%%

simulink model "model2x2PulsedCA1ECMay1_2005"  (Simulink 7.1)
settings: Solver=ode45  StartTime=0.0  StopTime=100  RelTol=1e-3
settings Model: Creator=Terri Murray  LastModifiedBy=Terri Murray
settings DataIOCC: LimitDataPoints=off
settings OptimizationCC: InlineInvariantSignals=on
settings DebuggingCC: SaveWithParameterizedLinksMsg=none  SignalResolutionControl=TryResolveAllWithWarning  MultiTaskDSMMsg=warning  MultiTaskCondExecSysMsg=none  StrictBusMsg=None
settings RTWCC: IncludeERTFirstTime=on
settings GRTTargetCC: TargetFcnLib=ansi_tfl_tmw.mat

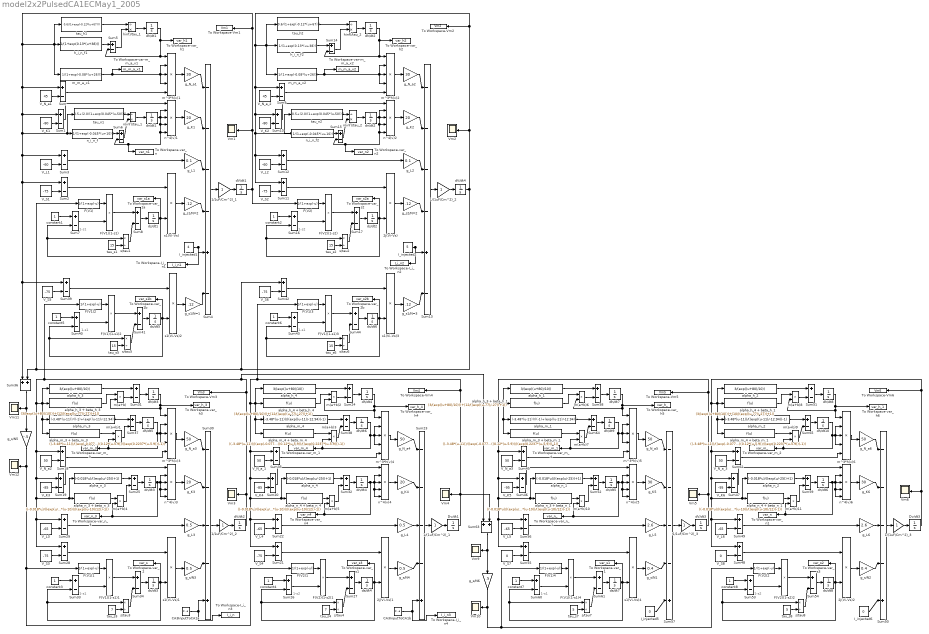
== system model2x2PulsedCA1ECMay1_2005 ==
  note: 1-s1
  note: 1-s2
  note: 1-s1
  note: 1-s2
  note: 1-s1
  note: 1-s1
  note: 1-s1
  note: 1-s2
  " 1/(1uF/Cm^2)_1" : Gain  ParameterDataType=sfix(16)  ParameterScaling=2^0  OutDataType=sfix(16)  OutScaling=2^0  SaturateOnIntegerOverflow=on  OutDataTypeStr=Inherit: Same as input  ParamDataTypeStr=Inherit: Same as input
  " 1/(1uF/Cm^2)_2" : Gain  ParameterDataType=sfix(16)  ParameterScaling=2^0  OutDataType=sfix(16)  OutScaling=2^0  SaturateOnIntegerOverflow=on  OutDataTypeStr=Inherit: Same as input  ParamDataTypeStr=Inherit: Same as input
  " 1/(1uF/Cm^2)_3" : Gain  ParameterDataType=sfix(16)  ParameterScaling=2^0  OutDataType=sfix(16)  OutScaling=2^0  SaturateOnIntegerOverflow=on  OutDataTypeStr=Inherit: Same as input  ParamDataTypeStr=Inherit: Same as input
  " 1/1uF/Cm^2)_1" : Gain  ParameterDataType=sfix(16)  ParameterScaling=2^0  OutDataType=sfix(16)  OutScaling=2^0  SaturateOnIntegerOverflow=on  OutDataTypeStr=Inherit: Same as input  ParamDataTypeStr=Inherit: Same as input
  " 1/1uF/Cm^2)_2" : Gain  ParameterDataType=sfix(16)  ParameterScaling=2^0  OutDataType=sfix(16)  OutScaling=2^0  SaturateOnIntegerOverflow=on  OutDataTypeStr=Inherit: Same as input  ParamDataTypeStr=Inherit: Same as input
  " 1/1uF/Cm^2)_3" : Gain  ParameterDataType=sfix(16)  ParameterScaling=2^0  OutDataType=sfix(16)  OutScaling=2^0  SaturateOnIntegerOverflow=on  OutDataTypeStr=Inherit: Same as input  ParamDataTypeStr=Inherit: Same as input
  2j(Vi-Vs) : Product  OutDataType=sfix(16)  OutScaling=2^0  RndMeth=Zero
  2j(Vi-Vs)1 : Product  OutDataType=sfix(16)  OutScaling=2^0  RndMeth=Zero
  2j(Vi-Vs)2 : Product  OutDataType=sfix(16)  OutScaling=2^0  RndMeth=Zero
  CA3InputToCA1a : DiscretePulseGenerator  PulseType=Time based  Amplitude=200  Period=.02  PulseWidth=2  PhaseDelay=.5
  CA3InputToCA1b : DiscretePulseGenerator  PulseType=Time based  Amplitude=200  Period=.02  PulseWidth=2
  Dv/dt1 : Integrator  InitialCondition=-67.6
  Dv/dt3 : Integrator  InitialCondition=-68
  F(V1){,1..4} (5 alike) : Fcn  Expr=1/(1+exp(-u))
  F(V1)(1-s1){,1..4} (5 alike) : Product  OutDataType=sfix(16)  OutScaling=2^0  RndMeth=Zero
  F(V2) : Fcn  Expr=1/(1+exp(-u))
  F(V2)(1-s2) : Product  OutDataType=sfix(16)  OutScaling=2^0  RndMeth=Zero
  F(V2)(1-s2)1 : Product  OutDataType=sfix(16)  OutScaling=2^0  RndMeth=Zero
  F(V2)(1-s2)2 : Product  OutDataType=sfix(16)  OutScaling=2^0  RndMeth=Zero
  F(V2)1 : Fcn  Expr=1/(1+exp(-u))
  F(V2)2 : Fcn  Expr=1/(1+exp(-u))
  I_injected1 : Constant  Value=4  OutDataType=sfix(16)  OutScaling=2^0
  I_injected2 : Constant  Value=5  OutDataType=sfix(16)  OutScaling=2^0
  I_injected5 : Constant  Value=0  OutDataType=sfix(16)  OutScaling=2^0
  I_injected6 : Constant  Value=0  OutDataType=sfix(16)  OutScaling=2^0
  Sum{,1..3,5..12,14..22,24..29,31..35,37..49,51..56,58..62,64..65} (58 alike) : Sum  Inputs=+-  OutDataType=sfix(16)  OutScaling=2^0  SaturateOnIntegerOverflow=on
  Sum13 : Sum  Inputs=-||-||-||-||+|||-  OutDataType=sfix(16)  OutScaling=2^0  SaturateOnIntegerOverflow=on
  Sum{23,30,50,57} (4 alike) : Sum  Inputs=-||-||-||-||+  OutDataType=sfix(16)  OutScaling=2^0  SaturateOnIntegerOverflow=on
  Sum36 : Sum  Orientation=down  OutDataType=sfix(16)  OutScaling=2^0  SaturateOnIntegerOverflow=on
  Sum4 : Sum  Inputs=-||-||-||-||+|||-  OutDataType=sfix(16)  OutScaling=2^0  SaturateOnIntegerOverflow=on
  Sum63 : Sum  Orientation=down  OutDataType=sfix(16)  OutScaling=2^0  SaturateOnIntegerOverflow=on
  To Workspace-I_i_n1 : ToWorkspace  VariableName=I_i_n1  SampleTime=-1  SaveFormat=Array
  To Workspace-I_i_n2 : ToWorkspace  VariableName=I_i_n2  SampleTime=-1  SaveFormat=Array
  To Workspace-I_i_n3 : ToWorkspace  VariableName=I_i_n  SampleTime=-1  SaveFormat=Array
  To Workspace-I_i_n4 : ToWorkspace  VariableName=I_i_n3  SampleTime=-1  SaveFormat=Array
  To Workspace-Vm1 : ToWorkspace  VariableName=Vm1  SampleTime=-1  SaveFormat=Array
  To Workspace-Vm2 : ToWorkspace  VariableName=Vm2  SampleTime=-1  SaveFormat=Array
  To Workspace-Vm3 : ToWorkspace  VariableName=Vm3  SampleTime=-1  SaveFormat=Array
  To Workspace-Vm4 : ToWorkspace  VariableName=Vm4  SampleTime=-1  SaveFormat=Array
  To Workspace-Vm5 : ToWorkspace  VariableName=Vm5  SampleTime=-1  SaveFormat=Array
  To Workspace-Vm6 : ToWorkspace  VariableName=Vm6  SampleTime=-1  SaveFormat=Array
  To Workspace-var-m_m_a_x1 : ToWorkspace  VariableName=m_m_a_x1  SampleTime=-1  SaveFormat=Array
  To Workspace-var-m_m_a_x2 : ToWorkspace  VariableName=m_m_a_x2  SampleTime=-1  SaveFormat=Array
  To Workspace-var_1 : ToWorkspace  VariableName=var_s1  SampleTime=-1  SaveFormat=Array
  To Workspace-var_1a : ToWorkspace  VariableName=var_s1a  SampleTime=-1  SaveFormat=Array
  To Workspace-var_1b : ToWorkspace  VariableName=var_s1b  SampleTime=-1  SaveFormat=Array
  To Workspace-var_2 : ToWorkspace  VariableName=var_s  SampleTime=-1  SaveFormat=Array
  To Workspace-var_2b : ToWorkspace  VariableName=var_s2b  SampleTime=-1  SaveFormat=Array
  To Workspace-var_h1 : ToWorkspace  VariableName=var_h1  SampleTime=-1  SaveFormat=Array
  To Workspace-var_h2 : ToWorkspace  VariableName=var_h2  SampleTime=-1  SaveFormat=Array
  To Workspace-var_h3 : ToWorkspace  VariableName=var_h_3  SampleTime=-1  SaveFormat=Array
  To Workspace-var_h4 : ToWorkspace  VariableName=var_h_4  SampleTime=-1  SaveFormat=Array
  To Workspace-var_h5 : ToWorkspace  VariableName=var_h_  SampleTime=-1  SaveFormat=Array
  To Workspace-var_h6 : ToWorkspace  VariableName=var_h_1  SampleTime=-1  SaveFormat=Array
  To Workspace-var_m_1 : ToWorkspace  VariableName=var_m_4  SampleTime=-1  SaveFormat=Array
  To Workspace-var_m_2 : ToWorkspace  VariableName=var_m_  SampleTime=-1  SaveFormat=Array
  To Workspace-var_m_3 : ToWorkspace  VariableName=var_m_3  SampleTime=-1  SaveFormat=Array
  To Workspace-var_m_4 : ToWorkspace  VariableName=var_m_1  SampleTime=-1  SaveFormat=Array
  To Workspace-var_n : ToWorkspace  VariableName=var_n1  SampleTime=-1  SaveFormat=Array
  To Workspace-var_n1 : ToWorkspace  VariableName=var_n  SampleTime=-1  SaveFormat=Array
  To Workspace-var_n2 : ToWorkspace  VariableName=var_n2  SampleTime=-1  SaveFormat=Array
  To Workspace-var_n4 : ToWorkspace  VariableName=var_n4  SampleTime=-1  SaveFormat=Array
  To Workspace-var_n_1 : ToWorkspace  VariableName=var_n_  SampleTime=-1  SaveFormat=Array
  To Workspace-var_n_3 : ToWorkspace  VariableName=var_n_3  SampleTime=-1  SaveFormat=Array
  To Workspace-var_s1 : ToWorkspace  VariableName=var_s3  SampleTime=-1  SaveFormat=Array
  To Workspace-var_s2 : ToWorkspace  VariableName=var_s2a  SampleTime=-1  SaveFormat=Array
  To Workspace-var_s3 : ToWorkspace  VariableName=var_s2  SampleTime=-1  SaveFormat=Array
  V_K1 : Constant  Value=-80  OutDataType=sfix(16)  OutScaling=2^0
  V_K2 : Constant  Value=-80  OutDataType=sfix(16)  OutScaling=2^0
  V_K3 : Constant  Value=-85  OutDataType=sfix(16)  OutScaling=2^0
  V_K4 : Constant  Value=-85  OutDataType=sfix(16)  OutScaling=2^0
  V_K5 : Constant  Value=-95  OutDataType=sfix(16)  OutScaling=2^0
  V_K6 : Constant  Value=-95  OutDataType=sfix(16)  OutScaling=2^0
  V_L1 : Constant  Value=-60  OutDataType=sfix(16)  OutScaling=2^0
  V_L2 : Constant  Value=-60  OutDataType=sfix(16)  OutScaling=2^0
  V_L{3..6} (4 alike) : Constant  Value=-65  OutDataType=sfix(16)  OutScaling=2^0
  V_N_a1 : Constant  Value=45  OutDataType=sfix(16)  OutScaling=2^0
  V_N_a2 : Constant  Value=50  OutDataType=sfix(16)  OutScaling=2^0
  V_N_a3 : Constant  Value=50  OutDataType=sfix(16)  OutScaling=2^0
  V_N_a_1 : Constant  Value=50  OutDataType=sfix(16)  OutScaling=2^0
  V_N_a_2 : Constant  Value=45  OutDataType=sfix(16)  OutScaling=2^0
  V_N_a_3 : Constant  Value=50  OutDataType=sfix(16)  OutScaling=2^0
  V_S{1..6} (6 alike) : Constant  Value=-75  OutDataType=sfix(16)  OutScaling=2^0
  V_S7 : Constant  Value=0  OutDataType=sfix(16)  OutScaling=2^0
  V_S8 : Constant  Value=0  OutDataType=sfix(16)  OutScaling=2^0
  Vm{1..6,9..12} (10 alike) : Scope
      Vm1 settings: TimeRange=100  YMin=-80  YMax=60  MaxDataPoints=100001
      Vm10 settings: TimeRange=2  YMin=-80  YMax=40  SaveName=ScopeData5  MaxDataPoints=100001
      Vm11 settings: TimeRange=2  YMin=-80  YMax=40  SaveName=ScopeData3  MaxDataPoints=100001
      Vm12 settings: TimeRange=2  YMin=-80  YMax=40  SaveName=ScopeData4  MaxDataPoints=100001
      Vm2 settings: TimeRange=100  YMin=-80  YMax=60  SaveName=ScopeData28  MaxDataPoints=100001
      Vm3 settings: TimeRange=100  YMin=-80  YMax=60  MaxDataPoints=100001
      Vm4 settings: TimeRange=100  YMin=-80  YMax=60  SaveName=ScopeData2  MaxDataPoints=100001
      Vm5 settings: TimeRange=100  YMin=-80  YMax=60  SaveName=ScopeData6  MaxDataPoints=100001
      Vm6 settings: TimeRange=100  YMin=-80  YMax=60  SaveName=ScopeData7  MaxDataPoints=100001
      Vm9 settings: TimeRange=2  YMin=-80  YMax=40  SaveName=ScopeData8  MaxDataPoints=100001
  alpha_h_{1..4} (4 alike) : Fcn  Expr=3/(exp((u+80)/10))
  alpha_h_3 + beta_h_1 : Fcn  Expr=(3/(exp((u+80)/10)))+(12/((exp((u-77)/-27))+1))
  alpha_h_3 + beta_h_3 : Fcn  Expr=(3/(exp((u+80)/10)))+(12/((exp((u-77)/-27))+1))
  alpha_h_4 + beta_h_1 : Fcn  Expr=(3/(exp((u+80)/10)))+(10/((exp((u-77)/-27))+1))
  alpha_h_4 + beta_h_4 : Fcn  Expr=(3/(exp((u+80)/10)))+(12/((exp((u-77)/-27))+1))
  alpha_m_1 : Fcn  Expr=(-3.48*(u-11))/((-1)+(exp((u-11)/-12.94)))
  alpha_m_2 : Fcn  Expr=(-3.48*(u-11))/((exp((u-11)/-12.94))-1)
  alpha_m_3 : Fcn  Expr=(-3.48*(u-11))/((-1)+(exp((u-11)/-12.94)))
  alpha_m_3 + beta_m_1 : Fcn  Expr=((-3.48*(u-11))/((exp(-0.0773*(u-11)))-1))+((0.12*(u-5.9))/((exp(0.2237*(u-5.9)))-1))
  alpha_m_3 + beta_m_3 : Fcn  Expr=((-3.48*(u-11))/((exp(-0.0773*(u-11)))-1))+((0.12*(u-5.9))/((exp(0.2237*(u-5.9)))-1))
  alpha_m_4 : Fcn  Expr=(-3.48*(u-11))/((exp((u-11)/-12.94))-1)
  alpha_m_4 + beta_m_1 : Fcn  Expr=((-3.48*(u-11))/((exp(-0.0773*(u-11)))-1))+((0.12*(u-5.9))/((exp(0.2237*(u-5.9)))-1))
  alpha_m_4 + beta_m_4 : Fcn  Expr=((-3.48*(u-11))/((exp(-0.0773*(u-11)))-1))+((0.12*(u-5.9))/((exp(0.2237*(u-5.9)))-1))
  alpha_n_{1..4} (4 alike) : Fcn  Expr=(-0.018*u)/((exp(u/-25))+1)
  alpha_n_3 + beta_n_1 : Fcn  Expr=((-0.018*u)/((exp(u/-25))-1))+((0.0036*(u-10))/((exp((u-10)/12))-1))
  alpha_n_3 + beta_n_3 : Fcn  Expr=((-0.018*u)/((exp(u/-25))-1))+((0.0036*(u-10))/((exp((u-10)/12))-1))
  alpha_n_4 + beta_n_1 : Fcn  Expr=((-0.018*u)/((exp(u/-25))-1))+((0.0036*(u-10))/((exp((u-10)/12))-1))
  alpha_n_4 + beta_n_4 : Fcn  Expr=((-0.018*u)/((exp(u/-25))-1))+((0.0036*(u-10))/((exp((u-10)/12))-1))
  constant{1..8} (8 alike) : Constant  OutDataType=sfix(16)  OutScaling=2^0
  dV/dt1 : Integrator  InitialCondition=-62
  dV/dt2 : Integrator  InitialCondition=-67.6
  dV/dt3 : Integrator  InitialCondition=-68
  dV/dt4 : Integrator  InitialCondition=-62
  dh/dt{1..4,7..8} (6 alike) : Integrator  InitialCondition=0.001
  dh/dt{5..6,9..10} (4 alike) : Integrator  InitialCondition=0.999
  dn/dt1 : Integrator
  dn/dt2 : Integrator
  dn/dt{3..6} (4 alike) : Integrator  InitialCondition=0.001
  ds/dt{1..8} (8 alike) : Integrator  InitialCondition=1
  g_K{1..4} (4 alike) : Gain  Gain=20  ParameterDataType=sfix(16)  ParameterScaling=2^0  OutDataType=sfix(16)  OutScaling=2^0  SaturateOnIntegerOverflow=on  OutDataTypeStr=Inherit: Same as input  ParamDataTypeStr=Inherit: Same as input
  g_K5 : Gain  Gain=30  ParameterDataType=sfix(16)  ParameterScaling=2^0  OutDataType=sfix(16)  OutScaling=2^0  SaturateOnIntegerOverflow=on  OutDataTypeStr=Inherit: Same as input  ParamDataTypeStr=Inherit: Same as input
  g_K6 : Gain  Gain=30  ParameterDataType=sfix(16)  ParameterScaling=2^0  OutDataType=sfix(16)  OutScaling=2^0  SaturateOnIntegerOverflow=on  OutDataTypeStr=Inherit: Same as input  ParamDataTypeStr=Inherit: Same as input
  g_L1 : Gain  Gain=0.1  ParameterDataType=sfix(16)  ParameterScaling=2^0  OutDataType=sfix(16)  OutScaling=2^0  SaturateOnIntegerOverflow=on  OutDataTypeStr=Inherit: Same as input  ParamDataTypeStr=Inherit: Same as input
  g_L2 : Gain  Gain=0.1  ParameterDataType=sfix(16)  ParameterScaling=2^0  OutDataType=sfix(16)  OutScaling=2^0  SaturateOnIntegerOverflow=on  OutDataTypeStr=Inherit: Same as input  ParamDataTypeStr=Inherit: Same as input
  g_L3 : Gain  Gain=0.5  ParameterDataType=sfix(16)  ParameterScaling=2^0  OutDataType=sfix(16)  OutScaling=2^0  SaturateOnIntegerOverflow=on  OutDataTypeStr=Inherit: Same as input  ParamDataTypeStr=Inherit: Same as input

%%

_Task directions_.
Exact duplication is required for the lines above, from the line that contains "To Workspace-var_n1 : ToWorkspace" to the line that contains "To Workspace-var_n4 : ToWorkspace", inclusive; omit all others.

_Answer below_.
  To Workspace-var_n1 : ToWorkspace  VariableName=var_n  SampleTime=-1  SaveFormat=Array
  To Workspace-var_n2 : ToWorkspace  VariableName=var_n2  SampleTime=-1  SaveFormat=Array
  To Workspace-var_n4 : ToWorkspace  VariableName=var_n4  SampleTime=-1  SaveFormat=Array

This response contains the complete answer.